Data collaboration is the process of gathering and sharing data from various sources. This process typically involves combining data sets from internal teams such as sales, marketing, and customer service and empowering domain experts to contribute their unique perspectives to inform insights. Data collaboration also takes the form of data-sharing partnerships or supplementing existing data with third-party data sets.

“Organisations have been doing data sharing and collaboration in many different ways,” says Qureshi, “but what we are doing is changing the way it is done.

“In the 1990s there was Blockbuster video. What did you do? You went on a weekend, got a cassette, took it home, and put it into the VCR.”

Think of this cassette as a copy of the data: the extract, transform, load (ETL) device.

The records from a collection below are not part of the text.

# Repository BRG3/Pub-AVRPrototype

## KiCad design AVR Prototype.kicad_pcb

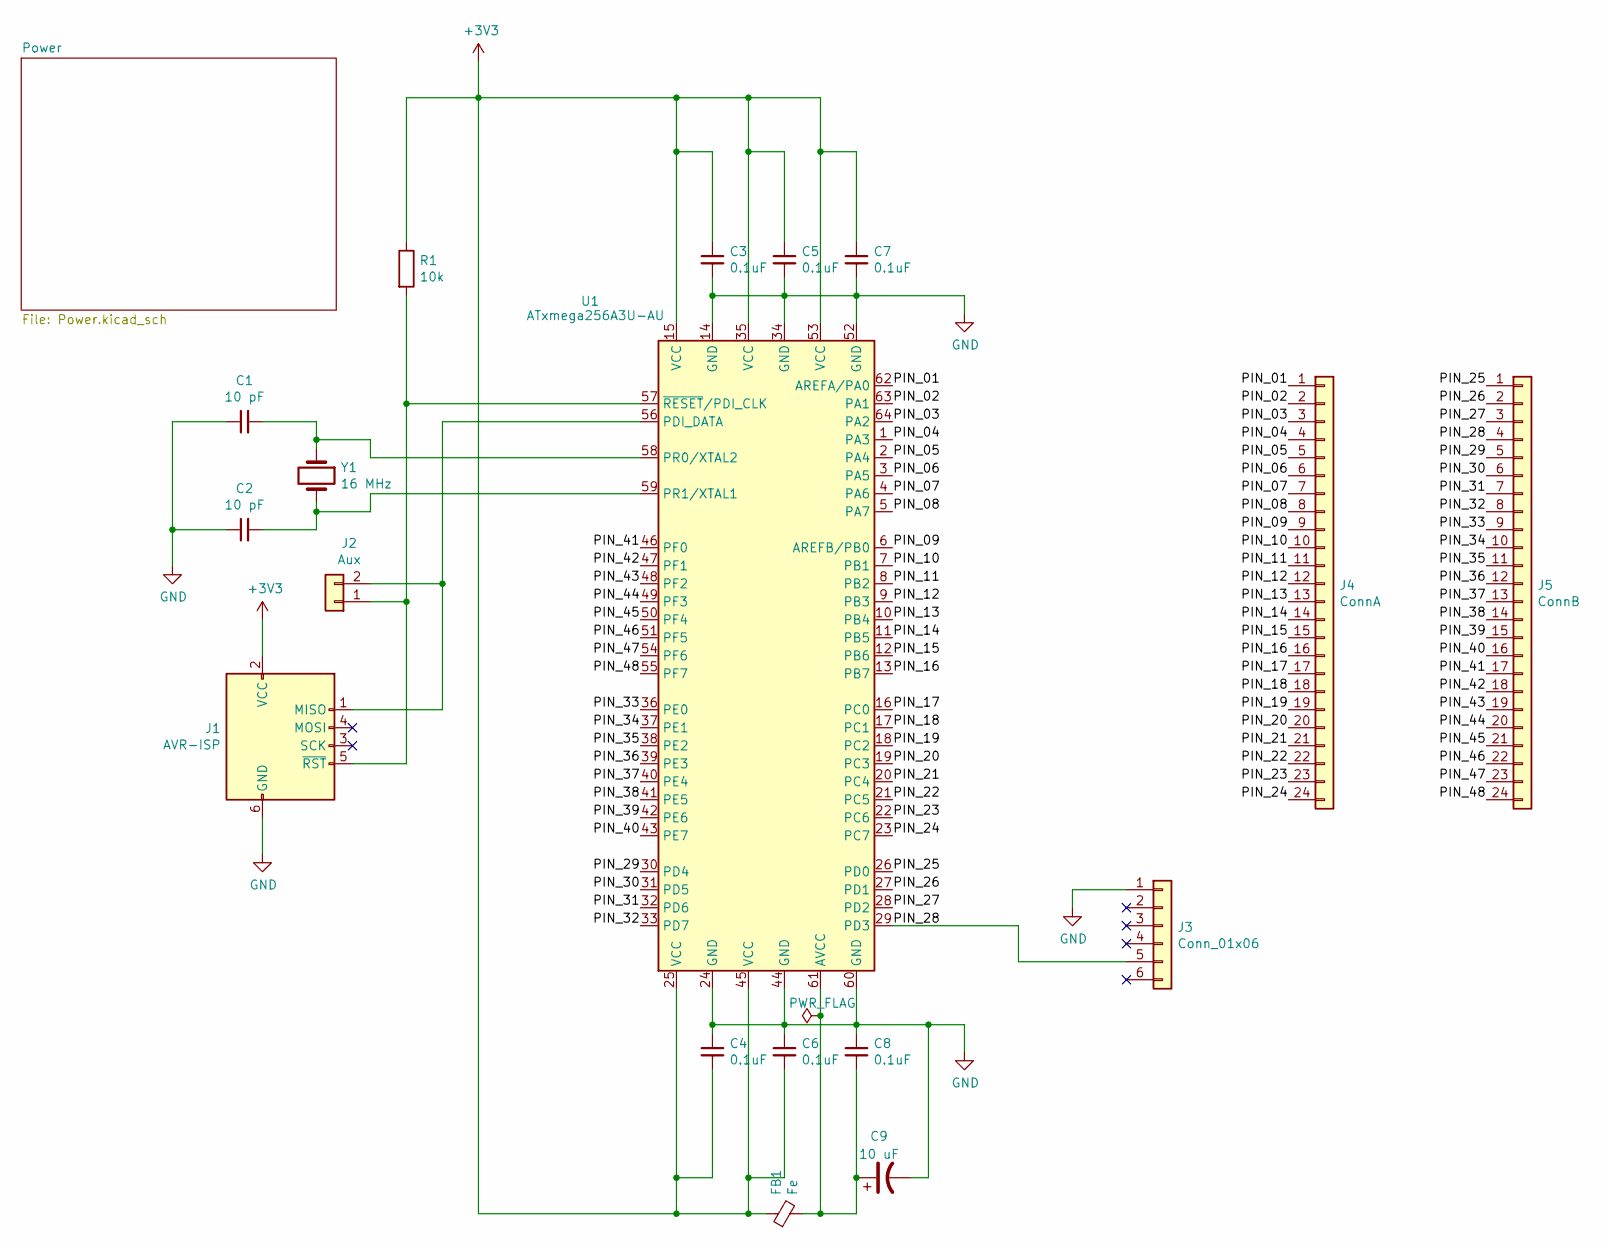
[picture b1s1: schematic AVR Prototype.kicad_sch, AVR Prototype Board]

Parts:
C1, C2: 10 pF; C_0805_2012Metric_Pad1.18x1.45mm_HandSolder; Manufacturer_Part_Number A001; Mouser Part Number 80-C0805C100K5RACAUTO
C3, C4, C5, C6, C7, C8: 0.1uF; C_0805_2012Metric_Pad1.18x1.45mm_HandSolder; Manufacturer_Part_Number A002; Mouser Part Number 80-C0805C104J5RAUTO
C9: 10 uF; C_Radial_D5.0mm_H11.0mm_P2.00mm; Mouser Part Number 667-ECA-2AM100
FB1: Fe; R_0805_2012Metric_Pad1.20x1.40mm_HandSolder; Manufacturer_Part_Number A005; Mouser Part Number 963-BK2125HS101-T
J1: AVR-ISP; AVR_ISP; Manufacturer_Part_Number B105; Mouser Part Number 485-1465
J2: Aux; PinHeader_1x02_P2.54mm_Vertical; Manufacturer_Part_Number B110
J3: Conn_01x06; PinHeader_1x06_P2.54mm_Vertical; Manufacturer_Part_Number B107
J4: ConnA; PinHeader_1x24_P2.54mm_Vertical; Manufacturer_Part_Number B106
J5: ConnB; PinHeader_1x24_P2.54mm_Vertical; Manufacturer_Part_Number B106
R1: 10k; R_0805_2012Metric_Pad1.20x1.40mm_HandSolder; Manufacturer_Part_Number A008; Mouser Part Number 667-ERJ-6GEYJ103V
U1: ATxmega256A3U-AU; TQFP-64_14x14mm_P0.8mm; Manufacturer_Part_Number C201; Mouser Part Number 556-ATXMEGA256A3U-AU
Y1: 16 MHz; Crystal_HC49-U_Vertical; Manufacturer_Part_Number B115; Mouser Part Number 815-ABL-16-B1U

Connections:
+3V3: C3.1, C4.2, C5.1, C6.2, C7.1, FB1.1, J1.2 (VCC), R1.1, U1.15 (VCC), U1.25 (VCC), U1.35 (VCC), U1.45 (VCC), U1.53 (VCC); also elsewhere on the board
/PIN_01: J4.1, U1.62 (AREFA/PA0)
/PIN_02: J4.2, U1.63 (PA1)
/PIN_03: J4.3, U1.64 (PA2)
/PIN_04: J4.4, U1.1 (PA3)
/PIN_05: J4.5, U1.2 (PA4)
/PIN_06: J4.6, U1.3 (PA5)
/PIN_07: J4.7, U1.4 (PA6)
/PIN_08: J4.8, U1.5 (PA7)
/PIN_09: J4.9, U1.6 (AREFB/PB0)
/PIN_10: J4.10, U1.7 (PB1)
/PIN_11: J4.11, U1.8 (PB2)
/PIN_12: J4.12, U1.9 (PB3)
/PIN_13: J4.13, U1.10 (PB4)
/PIN_14: J4.14, U1.11 (PB5)
/PIN_15: J4.15, U1.12 (PB6)
/PIN_16: J4.16, U1.13 (PB7)
/PIN_17: J4.17, U1.16 (PC0)
/PIN_18: J4.18, U1.17 (PC1)
/PIN_19: J4.19, U1.18 (PC2)
/PIN_20: J4.20, U1.19 (PC3)
/PIN_21: J4.21, U1.20 (PC4)
/PIN_22: J4.22, U1.21 (PC5)
/PIN_23: J4.23, U1.22 (PC6)
/PIN_24: J4.24, U1.23 (PC7)
/PIN_25: J5.1, U1.26 (PD0)
/PIN_26: J5.2, U1.27 (PD1)
/PIN_27: J5.3, U1.28 (PD2)
/PIN_28: J3.5, J5.4, U1.29 (PD3)
/PIN_29: J5.5, U1.30 (PD4)
/PIN_30: J5.6, U1.31 (PD5)
/PIN_31: J5.7, U1.32 (PD6)
/PIN_32: J5.8, U1.33 (PD7)
/PIN_33: J5.9, U1.36 (PE0)
/PIN_34: J5.10, U1.37 (PE1)
/PIN_35: J5.11, U1.38 (PE2)
/PIN_36: J5.12, U1.39 (PE3)
/PIN_37: J5.13, U1.40 (PE4)
/PIN_38: J5.14, U1.41 (PE5)
/PIN_39: J5.15, U1.42 (PE6)
/PIN_40: J5.16, U1.43 (PE7)
/PIN_41: J5.17, U1.46 (PF0)
/PIN_42: J5.18, U1.47 (PF1)
/PIN_43: J5.19, U1.48 (PF2)
/PIN_44: J5.20, U1.49 (PF3)
/PIN_45: J5.21, U1.50 (PF4)
/PIN_46: J5.22, U1.51 (PF5)
/PIN_47: J5.23, U1.54 (PF6)
/PIN_48: J5.24, U1.55 (PF7)
GND: C1.1, C2.1, C3.2, C4.1, C5.2, C6.1, C7.2, C8.1, C9.2, J1.6 (GND), J3.1, U1.14 (GND), U1.24 (GND), U1.34 (GND), U1.44 (GND), U1.52 (GND), U1.60 (GND); also elsewhere on the board
unnamed: J1.1 (MISO), J2.2, U1.56 (PDI_DATA)
unnamed: J1.5 (~RST), J2.1, R1.2, U1.57 (~RESET/PDI_CLK)
unnamed: C8.2, C9.1, FB1.2, U1.61 (AVCC)
unnamed: C1.2, U1.58 (PR0/XTAL2), Y1.1
unnamed: C2.2, U1.59 (PR1/XTAL1), Y1.2

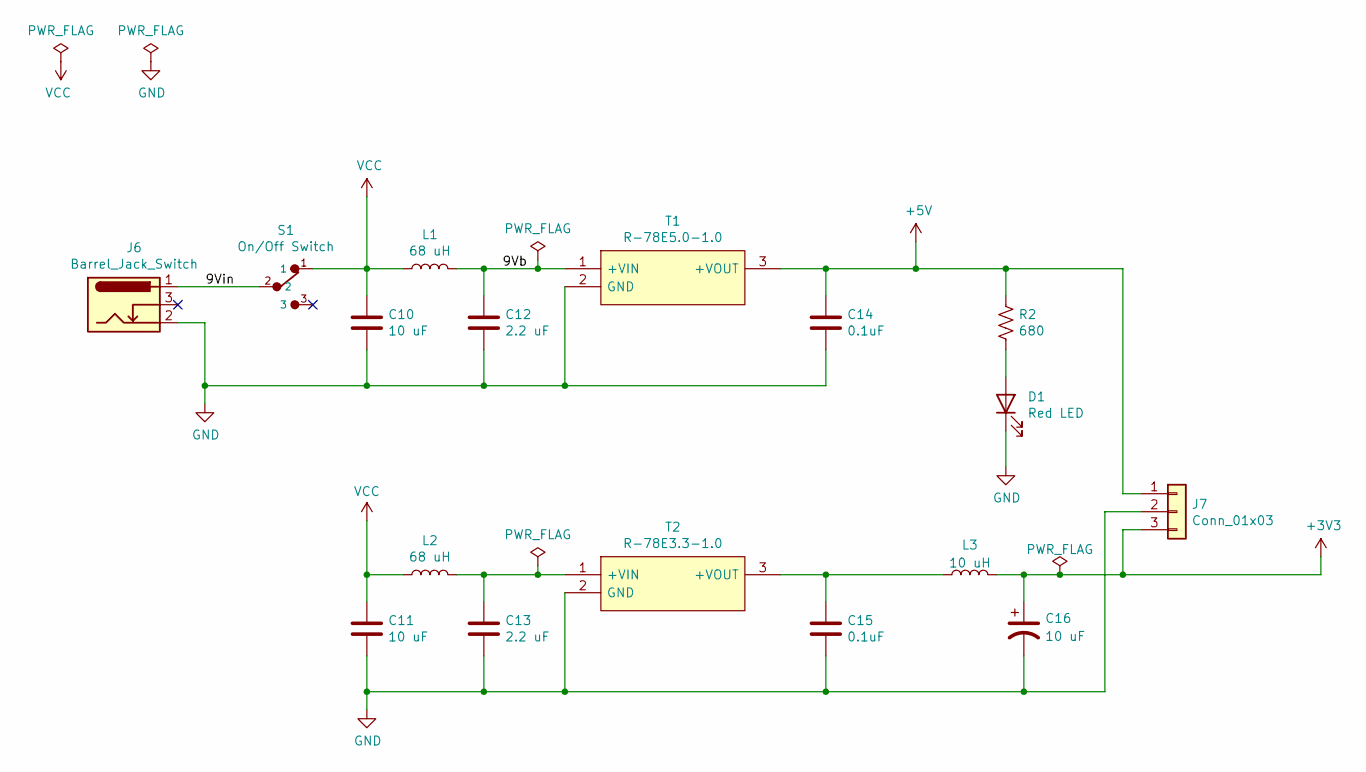
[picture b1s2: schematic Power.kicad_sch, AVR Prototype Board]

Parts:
C10, C11: 10 uF; C_2220_5750Metric_Pad1.97x5.40mm_HandSolder; Manufacturer_Part_Number A004; Mouser Part Number 810-CGA9N3X7S2A106KS
C12, C13: 2.2 uF; C_0805_2012Metric_Pad1.18x1.45mm_HandSolder; Manufacturer_Part_Number A003; Mouser Part Number 81-GRM21BD72A225KE01L
C14, C15: 0.1uF; C_0805_2012Metric_Pad1.18x1.45mm_HandSolder; Manufacturer_Part_Number A002; Mouser Part Number 80-C0805C104J5RAUTO
C16: 10 uF; C_Radial_D5.0mm_H11.0mm_P2.00mm; Mouser Part Number 667-ECA-2AM100
D1: Red LED; LED_D3.0mm; Manufacturer_Part_Number B103; Mouser Part Number 78-TLHK46Q1R2
J6: Barrel_Jack_Switch; PJ-102AH; Manufacturer_Part_Number B108; Mouser Part Number 490-PJ-102AH
J7: Conn_01x03; PinHeader_1x03_P2.54mm_Vertical; Manufacturer_Part_Number B109
L1, L2: 68 uH; L_Taiyo-Yuden_NR-60xx_HandSoldering; Manufacturer_Part_Number A006; Mouser Part Number 963-NRS6012T680MMGJ
L3: 10 uH; SBT0210; Mouser Part Number 80-SBT-0210
R2: 680; R_0805_2012Metric_Pad1.20x1.40mm_HandSolder; Manufacturer_Part_Number A007; Mouser Part Number 603-RC0805FR-13680RL
S1: On/Off Switch; SW_1101M2S3CQE2; Mouser Part Number 611-1101M2S3CQE2
T1: R-78E5.0-1.0; Manufacturer_Part_Number R-78E5.0-1.0; Mouser Part Number 919-R-78E5.0-1.0
T2: R-78E3.3-1.0; Manufacturer_Part_Number R-78E3.3-1.0; Mouser Part Number 919-R-78E3.3-1.0

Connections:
+3V3: C16.1, J7.3, L3.2; also elsewhere on the board
+5V: C14.1, J7.1, R2.1, T1.3 (+VOUT)
/Power/9Vb: C12.1, L1.2, T1.1 (+VIN)
/Power/9Vin: J6.1, S1.2
GND: C10.2, C11.2, C12.2, C13.2, C14.2, C15.2, C16.2, D1.1 (K), J6.2, J7.2, T1.2 (GND), T2.2 (GND); also elsewhere on the board
unnamed: D1.2 (A), R2.2
unnamed: C13.1, L2.2, T2.1 (+VIN)
unnamed: C15.1, L3.1, T2.3 (+VOUT)
VCC: C10.1, C11.1, L1.1, L2.1, S1.1

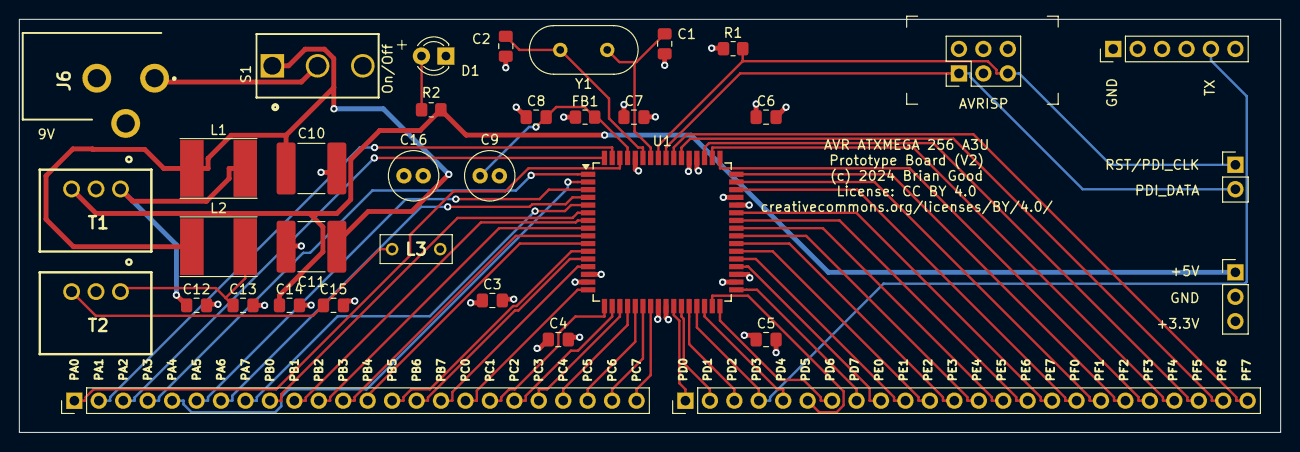
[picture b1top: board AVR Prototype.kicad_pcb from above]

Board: 4 copper layers, 131.1 x 42.9 mm, 35 parts (0 on the bottom side), 62 nets.

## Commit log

2023-02-06 Original V2 Update
2023-02-07 Routed by FreeRouting
2023-02-21 Removed fp-info-cache from tracking
2023-02-21 Removed generated files
2023-02-21 More cleanup of generated
2024-08-29 Updated V3.3 Converter to VCC input

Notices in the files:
AVR Prototype.kicad_pcb:
(c) 2024 Brian Good
License: CC BY 4.0
creativecommons.org/licenses/BY/4.0
AVR Prototype.kicad_sch:
Brian Good - Copyright 2022

“The VCR extracts the movie out of the cassette, transforms it, and projects it onto your screen,” Qureshi adds. “Later on, those VHS cassettes became CDs. You take the CD home and it has scratches; you put the CD into the CD drive – it doesn't work. Those scratches are data quality problems.

“Then came a company called Netflix. What they did was they said okay, instead of giving you copies of the data, the VHS will have a single copy of the movie. You bring your own compute, you bring your own bandwidth; you connect to the same copy of the movie and you can watch it at your leisure wherever you want. And whenever I want to end a movie, I can just say this movie is no longer available on Netflix.”

On top of that, users can gain insights into how the movies are being used. “What Snowflake is doing is the same Netflix-like experience for data sharing,” Qureshi says. “Instead of doing FTP and manual copies of the data, we have a single copy of the data. Consumers bring their own compute and we give them this DataFlix experience.”

As Qureshi explains, this data sharing experience has a number of benefits when compared to more traditional techniques.

“I have asked this question to many different organisations that are doing data sharing in traditional ways, can you tell me what is your most profitable, most valuable data feed? And they have no idea. Because when you create a copy of the data from FTP from here to here, you don't know what's happening on the other side. You don't get any usage information. But with Snowflake, you get metadata back on how many queries were run on your copy of the data, and how it has been consumed.”

Qureshi predicts that the future of data collaboration will see more and more growth: “We are going to get into more systematic data collaboration rather than the old Blockbuster-style of cassette sharing – because cassette sharing isn’t a scalable model and it doesn’t bring you any insights.”